» Problem requirements
Transcribe the entries exactly. Start at the top, stop after the line with "msp.add_line((-790, -267), (-790, -275))", and omit every picture.

[Records drawn from a dataset]

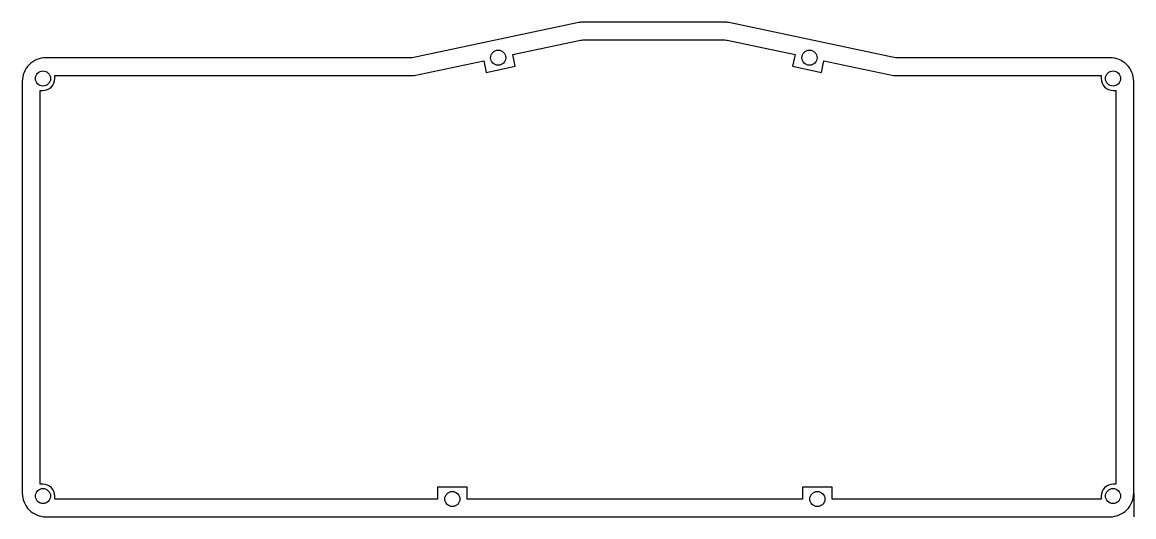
# Model space of a CAD drawing. Header units: millimetres. Extents: x -1165 to -790, y -275 to -108.
import ezdxf

# ---------------------------------------------------------------- set-up
doc = ezdxf.new("R2010")
doc.units = ezdxf.units.MM
doc.layers.get('0').update_dxf_attribs({"linetype": 'CONTINUOUS'})

msp = doc.modelspace()

# ---------------------------------------------------------------- linework, layer by layer
msp.add_line((-790, -267), (-790, -275))
for points in [[(-1157, -275), (-798, -275, 0.414214), (-790, -267), (-790, -128, 0.414214), (-798, -120), (-870.41, -120), (-926.09, -108.17, 0.052408), (-927.75, -107.99), (-976.07, -107.99, 0.052408), (-977.74, -108.17), (-1033.41, -120), (-1157, -120, 0.414214), (-1165, -128), (-1165, -267, 0.414214)], [(-801, -269), (-891.74, -269), (-891.74, -265), (-901.74, -265), (-901.74, -269), (-1014.89, -269), (-1014.89, -265), (-1024.89, -265), (-1024.89, -269), (-1154, -269), (-1154, -268, 0.414214), (-1158, -264), (-1159, -264), (-1159, -131), (-1158, -131, 0.414214), (-1154, -127), (-1154, -126), (-1032.78, -126), (-1009.32, -121.01), (-1008.49, -124.93), (-998.71, -122.85), (-999.54, -118.93), (-976.69, -114.08, -0.052408), (-975.86, -113.99), (-927.96, -113.99, -0.052408), (-927.13, -114.08), (-904.29, -118.93), (-905.12, -122.85), (-895.34, -124.93), (-894.51, -121.01), (-871.04, -126), (-801, -126), (-801, -127, 0.414214), (-797, -131), (-796, -131), (-796, -264), (-797, -264, 0.414214), (-801, -268)]]:
    msp.add_lwpolyline(points, format="xyb", close=True)
for centre in [(-1004.43, -119.97), (-899.4, -119.97), (-1158, -127), (-797, -127), (-1158, -268), (-797, -268), (-1019.89, -269), (-896.74, -269)]:
    msp.add_circle(centre, 2.55)

doc.saveas('drawing.dxf')

» Exercise result
# Model space of a CAD drawing. Header units: millimetres. Extents: x -1165 to -790, y -275 to -108.
import ezdxf

# ---------------------------------------------------------------- set-up
doc = ezdxf.new("R2010")
doc.units = ezdxf.units.MM
doc.layers.get('0').update_dxf_attribs({"linetype": 'CONTINUOUS'})

msp = doc.modelspace()

# ---------------------------------------------------------------- linework, layer by layer
msp.add_line((-790, -267), (-790, -275))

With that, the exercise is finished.